**EXERCISE INSTRUCTIONS:** A faithful copy of each entry below is expected, with the images removed.

**EXTRACTED DATA:**
--------------------------------
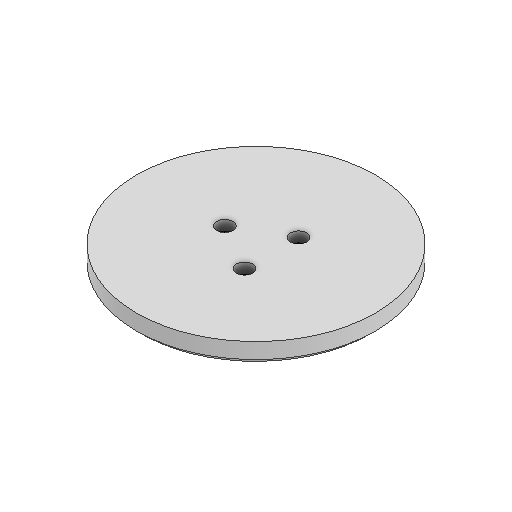
# Autodesk Inventor part: 3DP_PLA_B_Axis_End_Cap
Saved by Autodesk Inventor 2027 (Build 310192060, 192F)
## iProperties
Created: 2026-01-18
Part Number: 3DP_PLA_B_Axis_End_Cap
Material: Generic
Document SubType Name: Modeling
Designer: Andrzej
Density: 1 g/cm^3
Appearance: Default
Author: Andrzej
Autodesk Inventor part; units mm, degrees
ref_plane "YZ Plane" through (0, 0, 0) normal (1, 0, 0) x (0, 1, 0)
ref_plane "XZ Plane" through (0, 0, 0) normal (0, 1, 0) x (-1, 0, 0)
ref_plane "XY Plane" through (0, 0, 0) normal (0, 0, 1) x (1, 0, 0)
sketch "Sketch1" plane through (0, 0, 0) normal (0, 1, 0) x (-1, 0, 0)
  circle A0 centre (0, 0) radius 46
  point P0 (12, 0)
  point P1 (-6, 10.3923)
  point P2 (-6, -10.3923)
  dimension "d0" = 92
  dimension "d1" = 12
  dimension "d4" = 360
  constraints: 1 centre point, 1 coincident, 4 other
  measures "d0" diameter of A0
  measures "d1" distance of point (0, 0) point (12, 0)
extrude "Extrusion1" add sketch "Sketch1" along normal blind 8
hole "Hole1" at (-12, 0, 0) at (6, 0, 10.3923) at (6, 0, -10.3923) direction (0, 1, 0) diameter 6.2 end through all
chamfer "Chamfer1" distance 2 angle 45 1 edges at (46, 0, 0)
sketch "Sketch2" plane through (0, 0, 0) normal (0, -1, 0) x (1, 0, 0)
  point P0 (0, 0)
sketch "Sketch3" plane through (0, 0, 0) normal (0, -1, 0) x (1, 0, 0)
  circle A0 centre (-12, 0) radius 3.1 projected
  circle A1 centre (6, 10.3923) radius 3.1 projected
  circle A2 centre (6, -10.3923) radius 3.1 projected
  circle A3 centre (0, 0) radius 44 projected
  line L0 (11.25, 7.3612) -> (6, 4.3301)
  line L1 (6, 4.3301) -> (0.75, 7.3612)
  line L2 (0.75, 7.3612) -> (0.75, 13.4234)
  line L3 (0.75, 13.4234) -> (6, 16.4545)
  line L4 (6, 16.4545) -> (11.25, 13.4234)
  line L5 (11.25, 13.4234) -> (11.25, 7.3612)
  line L6 (11.25, -13.4234) -> (6, -16.4545)
  line L7 (6, -16.4545) -> (0.75, -13.4234)
  line L8 (0.75, -13.4234) -> (0.75, -7.3612)
  line L9 (0.75, -7.3612) -> (6, -4.3301)
  line L10 (6, -4.3301) -> (11.25, -7.3612)
  line L11 (11.25, -7.3612) -> (11.25, -13.4234)
  line L12 (-6.75, -3.0311) -> (-12, -6.0622)
  line L13 (-12, -6.0622) -> (-17.25, -3.0311)
  line L14 (-17.25, -3.0311) -> (-17.25, 3.0311)
  line L15 (-17.25, 3.0311) -> (-12, 6.0622)
  line L16 (-12, 6.0622) -> (-6.75, 3.0311)
  line L17 (-6.75, 3.0311) -> (-6.75, -3.0311)
  dimension "d18" = 10.5
  dimension "d19" = 10.5
  dimension "d20" = 10.5
  constraints: 36 end point, 3 coincident, 2 equal length, 39 other
  measures "d18" distance between parallel lines of L2 L5
  measures "d19" distance between parallel lines of L11 L8
  measures "d20" distance between parallel lines of L17 L14
extrude "Extrusion2" cut sketch "Sketch3" against normal blind 4 contours L0 L1 L2 L3 L4 L5 | L6 L7 L8 L9 L10 L11 | L12 L13 L14 L15 L16 L17
sketch "Sketch4" plane through (0, 0, 0) normal (0, -1, 0) x (1, 0, 0)
  line L0 (14.1699, -34.5429) -> (22.8301, -29.5429)
  line L1 (22.8301, -29.5429) -> (21, -36.3731)
  line L2 (14.1699, -34.5429) -> (21, -36.3731)
  line L3 (-5, -37) -> (8.9247, -37) construction
  point P0 (0, 0)
  point P1 (17.6283, -30.4768)
  dimension "d23" = 10
  dimension "d25" = 45
  dimension "d27" = 15
  dimension "d28" = 37
  dimension "d29" = -14.1699
  constraints: 8 end point, 1 horizontal
  measures "d23" distance of L0.start L0.end
  measures "d25" angle of L0 L1
  measures "d27" angle of L2 L3
  measures "d28" distance from line of point (0, 0) L0
  measures "d29" horizontal distance of point (0, 0) L0.start
extrude "Extrusion3" cut sketch "Sketch4" against normal blind 1
equation "\"d19\" = d18"
equation "\"d20\" = d18"
body "Solid1"
--------------------------------
**ANSWER FOR THIS EXERCISE:**
# Autodesk Inventor part: 3DP_PLA_B_Axis_End_Cap
Saved by Autodesk Inventor 2027 (Build 310192060, 192F)
## iProperties
Created: 2026-01-18
Part Number: 3DP_PLA_B_Axis_End_Cap
Material: Generic
Document SubType Name: Modeling
Designer: Andrzej
Density: 1 g/cm^3
Appearance: Default
Author: Andrzej
Autodesk Inventor part; units mm, degrees
ref_plane "YZ Plane" through (0, 0, 0) normal (1, 0, 0) x (0, 1, 0)
ref_plane "XZ Plane" through (0, 0, 0) normal (0, 1, 0) x (-1, 0, 0)
ref_plane "XY Plane" through (0, 0, 0) normal (0, 0, 1) x (1, 0, 0)
sketch "Sketch1" plane through (0, 0, 0) normal (0, 1, 0) x (-1, 0, 0)
  circle A0 centre (0, 0) radius 46
  point P0 (12, 0)
  point P1 (-6, 10.3923)
  point P2 (-6, -10.3923)
  dimension "d0" = 92
  dimension "d1" = 12
  dimension "d4" = 360
  constraints: 1 centre point, 1 coincident, 4 other
  measures "d0" diameter of A0
  measures "d1" distance of point (0, 0) point (12, 0)
extrude "Extrusion1" add sketch "Sketch1" along normal blind 8
hole "Hole1" at (-12, 0, 0) at (6, 0, 10.3923) at (6, 0, -10.3923) direction (0, 1, 0) diameter 6.2 end through all
chamfer "Chamfer1" distance 2 angle 45 1 edges at (46, 0, 0)
sketch "Sketch2" plane through (0, 0, 0) normal (0, -1, 0) x (1, 0, 0)
  point P0 (0, 0)
sketch "Sketch3" plane through (0, 0, 0) normal (0, -1, 0) x (1, 0, 0)
  circle A0 centre (-12, 0) radius 3.1 projected
  circle A1 centre (6, 10.3923) radius 3.1 projected
  circle A2 centre (6, -10.3923) radius 3.1 projected
  circle A3 centre (0, 0) radius 44 projected
  line L0 (11.25, 7.3612) -> (6, 4.3301)
  line L1 (6, 4.3301) -> (0.75, 7.3612)
  line L2 (0.75, 7.3612) -> (0.75, 13.4234)
  line L3 (0.75, 13.4234) -> (6, 16.4545)
  line L4 (6, 16.4545) -> (11.25, 13.4234)
  line L5 (11.25, 13.4234) -> (11.25, 7.3612)
  line L6 (11.25, -13.4234) -> (6, -16.4545)
  line L7 (6, -16.4545) -> (0.75, -13.4234)
  line L8 (0.75, -13.4234) -> (0.75, -7.3612)
  line L9 (0.75, -7.3612) -> (6, -4.3301)
  line L10 (6, -4.3301) -> (11.25, -7.3612)
  line L11 (11.25, -7.3612) -> (11.25, -13.4234)
  line L12 (-6.75, -3.0311) -> (-12, -6.0622)
  line L13 (-12, -6.0622) -> (-17.25, -3.0311)
  line L14 (-17.25, -3.0311) -> (-17.25, 3.0311)
  line L15 (-17.25, 3.0311) -> (-12, 6.0622)
  line L16 (-12, 6.0622) -> (-6.75, 3.0311)
  line L17 (-6.75, 3.0311) -> (-6.75, -3.0311)
  dimension "d18" = 10.5
  dimension "d19" = 10.5
  dimension "d20" = 10.5
  constraints: 36 end point, 3 coincident, 2 equal length, 39 other
  measures "d18" distance between parallel lines of L2 L5
  measures "d19" distance between parallel lines of L11 L8
  measures "d20" distance between parallel lines of L17 L14
extrude "Extrusion2" cut sketch "Sketch3" against normal blind 4 contours L0 L1 L2 L3 L4 L5 | L6 L7 L8 L9 L10 L11 | L12 L13 L14 L15 L16 L17
sketch "Sketch4" plane through (0, 0, 0) normal (0, -1, 0) x (1, 0, 0)
  line L0 (14.1699, -34.5429) -> (22.8301, -29.5429)
  line L1 (22.8301, -29.5429) -> (21, -36.3731)
  line L2 (14.1699, -34.5429) -> (21, -36.3731)
  line L3 (-5, -37) -> (8.9247, -37) construction
  point P0 (0, 0)
  point P1 (17.6283, -30.4768)
  dimension "d23" = 10
  dimension "d25" = 45
  dimension "d27" = 15
  dimension "d28" = 37
  dimension "d29" = -14.1699
  constraints: 8 end point, 1 horizontal
  measures "d23" distance of L0.start L0.end
  measures "d25" angle of L0 L1
  measures "d27" angle of L2 L3
  measures "d28" distance from line of point (0, 0) L0
  measures "d29" horizontal distance of point (0, 0) L0.start
extrude "Extrusion3" cut sketch "Sketch4" against normal blind 1
equation "\"d19\" = d18"
equation "\"d20\" = d18"
body "Solid1"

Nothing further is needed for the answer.